Nessa altura do raciocínio, isto é, quando percebemos que o verbo bater não pode prevalecer com o sentido de 'pulsar', pois seria uma cantada inválida, vemo-nos obrigados a entendê-lo com o sentido de 'surrar, espancar alguém'. Isso ocorre porque o verbo apanhar nos obriga a estabelecer a relação de oposição.

Mas ainda não pára por aqui. Temos que mergulhar um pouco mais fundo e encontrar aqueles sentidos que os verbos bater e apanhar, nas últimas acepções apresentadas, evocam.

'Bater' (surrar, espancar alguém) fala-nos de superioridade, aquele que tem o poder, que está por cima etc. 'Apanhar', por outro lado, lembra-nos submissão, aquele que sofre. Assim estabelece-se a relação de vassalagem: o servo diante do senhor feudal.

Que lindo, né?! – Quer dizer que quando alguém enuncia esta frase, na verdade, está dizendo: estou sofrendo, estou a seus pés; enquanto você, com um simples gesto, pode espantar para sempre este sofrimento e instituir um novo período, em que os corações (ambos: meu e seu), entendidos na acepção (2), podem expressar-se reciprocamente na mais alta intensidade que a lei do sentimento pode permitir? Sim, é isso mesmo.

No nosso coração, parece que existem nele glândulas que produzem, sem parar, todo tipo de sentimento. Elas não se preocupam em saber se existe alguém a quem estes sentimentos possam ser canalizados. Apenas os produzem.

Acontece, querida, que, se não há uma pessoa-alvo, que diga estou aqui, a saída do coração se fecha. Não há vazão. Os sentimentos ficam emperrados no peito. Mas o coração continua a produzi-los inflexivelmente. Parece, às vezes, que vai explodir. É algo doloroso demais.
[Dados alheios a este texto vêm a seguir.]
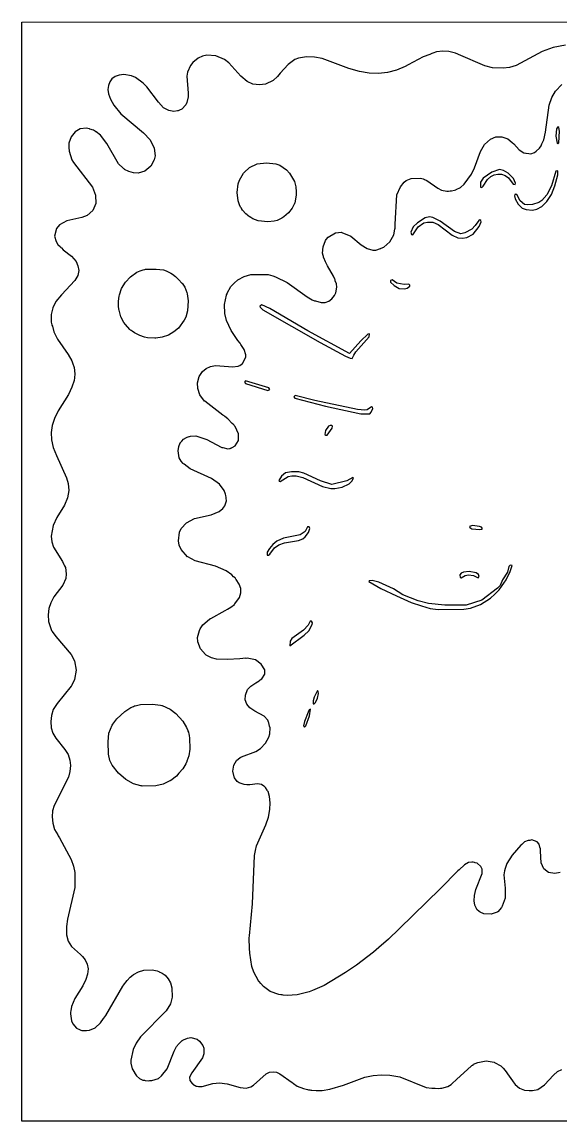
# Model space of a CAD drawing. Header units: millimetres. Extents: x 0 to 300, y 0 to 300.
# Drawn here: x 0 to 146.9, y 0 to 300 of the extents above; entities that cross this region are included whole.
import ezdxf

# ---------------------------------------------------------------- set-up
doc = ezdxf.new("R2010")
doc.units = ezdxf.units.MM
doc.layers.add('CUT', color=7, linetype='CONTINUOUS')

msp = doc.modelspace()

# ---------------------------------------------------------------- linework, layer by layer
at = {"layer": 'CUT'}
for points in [[(0, 0), (0, 299.9382), (299.8559, 299.9836), (300, 299.7807), (299.9382, 0)], [(146.0773, 266.9291), (146.3406, 266.7243), (146.604, 266.9876), (146.721, 270.1772), (146.604, 271.1428), (146.3406, 271.4062), (145.9017, 270.8502), (145.7261, 268.7726)], [(74.4276, 250.455), (73.7839, 249.1912), (72.7662, 247.9261), (71.5081, 246.8131), (70.9083, 246.4276), (69.6891, 245.8383), (68.8475, 245.5984), (67.0938, 245.4178), (64.4941, 245.7178), (63.0021, 246.2424), (62.1646, 246.8069), (62.1487, 246.8184), (61.704, 247.1392), (61.4442, 247.3265), (61.1018, 247.5735), (60.2513, 248.6102), (59.9309, 249.0786), (59.8968, 249.1285), (59.8405, 249.2107), (59.7032, 249.4115), (59.3935, 250.0634), (59.0203, 251.1553), (58.7556, 253.446), (59.0495, 255.7819), (59.4056, 256.8309), (60.4829, 258.6993), (60.7647, 259.0059), (62.0675, 260.2043), (62.1297, 260.2557), (64.2124, 261.2321), (66.7433, 261.5194), (69.2927, 261.2262), (70.4017, 260.859), (72.2563, 259.6367), (73.0734, 258.7352), (74.4099, 256.4004), (74.8042, 254.9634), (74.8587, 253.577), (74.8745, 253.1743), (74.8826, 252.9686), (74.8883, 252.8252), (74.4722, 250.5677)], [(125.9451, 255.1658), (127.1155, 257.0093), (127.9641, 257.7701), (128.9005, 258.2676), (129.9247, 258.4724), (130.9489, 258.4139), (131.9438, 258.0627), (132.8216, 257.419), (134.1384, 255.751), (134.6359, 255.634), (134.7529, 255.9559), (134.1969, 257.2434), (132.7046, 258.7065), (131.5048, 259.4673), (130.3344, 259.7014), (128.3153, 259.0284), (125.8865, 257.3312), (125.2135, 256.2777), (125.2135, 254.8732), (125.5061, 254.7854)], [(134.6651, 251.6836), (135.5137, 250.2205), (136.5964, 249.1671), (137.6206, 248.7574), (139.4056, 248.6404), (140.576, 248.9037), (141.9221, 249.6353), (143.3267, 250.9813), (144.5264, 252.8834), (145.492, 255.2828), (146.2821, 258.2383), (146.3406, 259.3502), (145.7554, 259.2332), (144.5557, 255.2828), (143.2681, 252.7663), (141.8928, 251.274), (141.1027, 250.7472), (139.347, 250.1327), (138.0302, 250.045), (137.1816, 250.1913), (136.0404, 251.1862), (135.2211, 252.7371), (134.87, 252.9419), (134.5773, 252.8834), (134.4603, 252.5322)], [(106.7492, 241.9101), (108.1831, 244.0755), (109.7047, 245.1875), (110.6703, 245.363), (112.192, 245.3045), (113.5965, 244.7485), (117.4591, 241.7638), (119.01, 241.0908), (120.239, 241.003), (121.468, 241.1786), (123.2237, 242.0857), (124.8331, 244.134), (125.3306, 245.3923), (125.3013, 245.802), (125.0379, 245.9483), (124.7161, 245.7727), (123.7504, 244.3974), (122.7848, 243.461), (120.9413, 242.4076), (119.8293, 242.1442), (118.1029, 242.8173), (114.211, 245.6264), (112.192, 246.592), (111.2556, 246.8261), (110.0851, 246.5043), (107.9782, 245.1582), (106.837, 244.0463), (106.1933, 242.6417), (106.3103, 241.9979)], [(29.6545, 230.4204), (29.6548, 230.4206), (29.6671, 230.4317), (31.4004, 231.6548), (32.2391, 232.0539), (33.0645, 232.3633), (33.5707, 232.4602), (33.6959, 232.4799), (33.7604, 232.49), (33.7685, 232.4913), (33.7854, 232.4939), (36.6797, 232.5509), (38.6639, 232.3367), (39.3234, 232.091), (40.6849, 231.4271), (41.1359, 231.1476), (41.8775, 230.5475), (42.8625, 229.6062), (43.6555, 228.7234), (43.6586, 228.7192), (43.6621, 228.7143), (43.6656, 228.7095), (43.6996, 228.6624), (44.4182, 227.5657), (44.9839, 226.1881), (45.1228, 225.7769), (45.3898, 223.9146), (45.2341, 221.1238), (44.7324, 219.4463), (44.2879, 218.5903), (42.7055, 216.4207), (41.5027, 215.3874), (40.0017, 214.5353), (38.2719, 213.9321), (36.5641, 213.6603), (36.2922, 213.6486), (34.3019, 213.8046), (33.4214, 213.9588), (32.1547, 214.3796), (30.6922, 215.1405), (30.1224, 215.5553), (29.8823, 215.7358), (29.7837, 215.8099), (29.6731, 215.8932), (29.4514, 216.0598), (28.2607, 217.3755), (27.8379, 217.9906), (27.0217, 219.5038), (26.491, 221.3195), (26.4486, 221.5125), (26.3742, 222.4927), (26.3673, 222.7935), (26.3616, 223.0443), (26.3517, 223.4806), (26.3453, 223.7585), (26.5196, 225.1726), (26.5943, 225.5098), (27.1936, 227.1991), (27.2074, 227.2293), (27.2096, 227.234), (27.211, 227.2372), (27.2118, 227.2389), (28.2488, 228.9278), (29.636, 230.4037), (29.6527, 230.4187)], [(104.322, 228.3293), (102.3382, 228.6555), (101.0268, 229.5894), (100.5815, 229.4377), (100.6069, 228.968), (101.5774, 228.0134), (103.005, 227.2494), (104.5075, 227.149), (105.1579, 227.3379), (105.897, 227.8908), (105.878, 228.1903), (105.6145, 228.3977)], [(94.43, 214.7551), (92.4694, 212.9408), (89.4554, 209.5172), (78.014, 215.7207), (67.6845, 221.8072), (65.5192, 222.7436), (64.9632, 222.4509), (65.051, 222.0998), (65.7825, 221.456), (81.3791, 212.5019), (88.3435, 208.7856), (89.6017, 208.2589), (90.1577, 208.1126), (90.5966, 209.049), (91.1819, 209.9268), (94.7518, 214.082), (94.8981, 214.8721)], [(67.6405, 199.6604), (67.3959, 200.1469), (61.0665, 202.0207), (60.7321, 201.6926), (60.9906, 201.2661), (67.1597, 199.4047)], [(95.7371, 194.8318), (95.3991, 194.9676), (94.1993, 194.1228), (93.5625, 194.004), (91.6016, 194.1797), (79.9134, 196.6752), (74.5482, 198.0642), (74.2225, 197.7009), (74.507, 197.3046), (82.8365, 195.1186), (92.5132, 193.0487), (94.9662, 193.0189), (95.375, 193.4376), (95.8234, 194.5129)], [(84.1005, 189.8824), (83.6908, 189.6776), (82.9007, 188.4778), (82.7252, 187.3951), (82.93, 187.161), (83.2812, 187.161), (84.6857, 189.0923), (84.7443, 189.619), (84.4809, 189.8239)], [(76.668, 175.6318), (82.0229, 173.2324), (84.3053, 172.6764), (85.388, 172.6471), (87.4364, 173.0275), (89.3384, 173.9639), (90.0699, 174.6077), (90.5381, 175.4563), (90.3333, 175.6611), (88.6654, 174.754), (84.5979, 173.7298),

Perdoe-me os termos, em alguns momentos, muito técnicos. Espero que você tenha gostado do texto e que possa, algum dia, dizer comigo em uníssono: “meu coração não bate por você, APANHA...”. Ao invés de dizer, no outro extremo, “meu coração não apanha por você, bate...”.

Quando dissermos daquela forma, “meu coração APANHA”, deixará esta realidade de ser algo doloroso, porque será recíproca. Estaremos ambos na mesma posição, sendo um o vassalo do outro.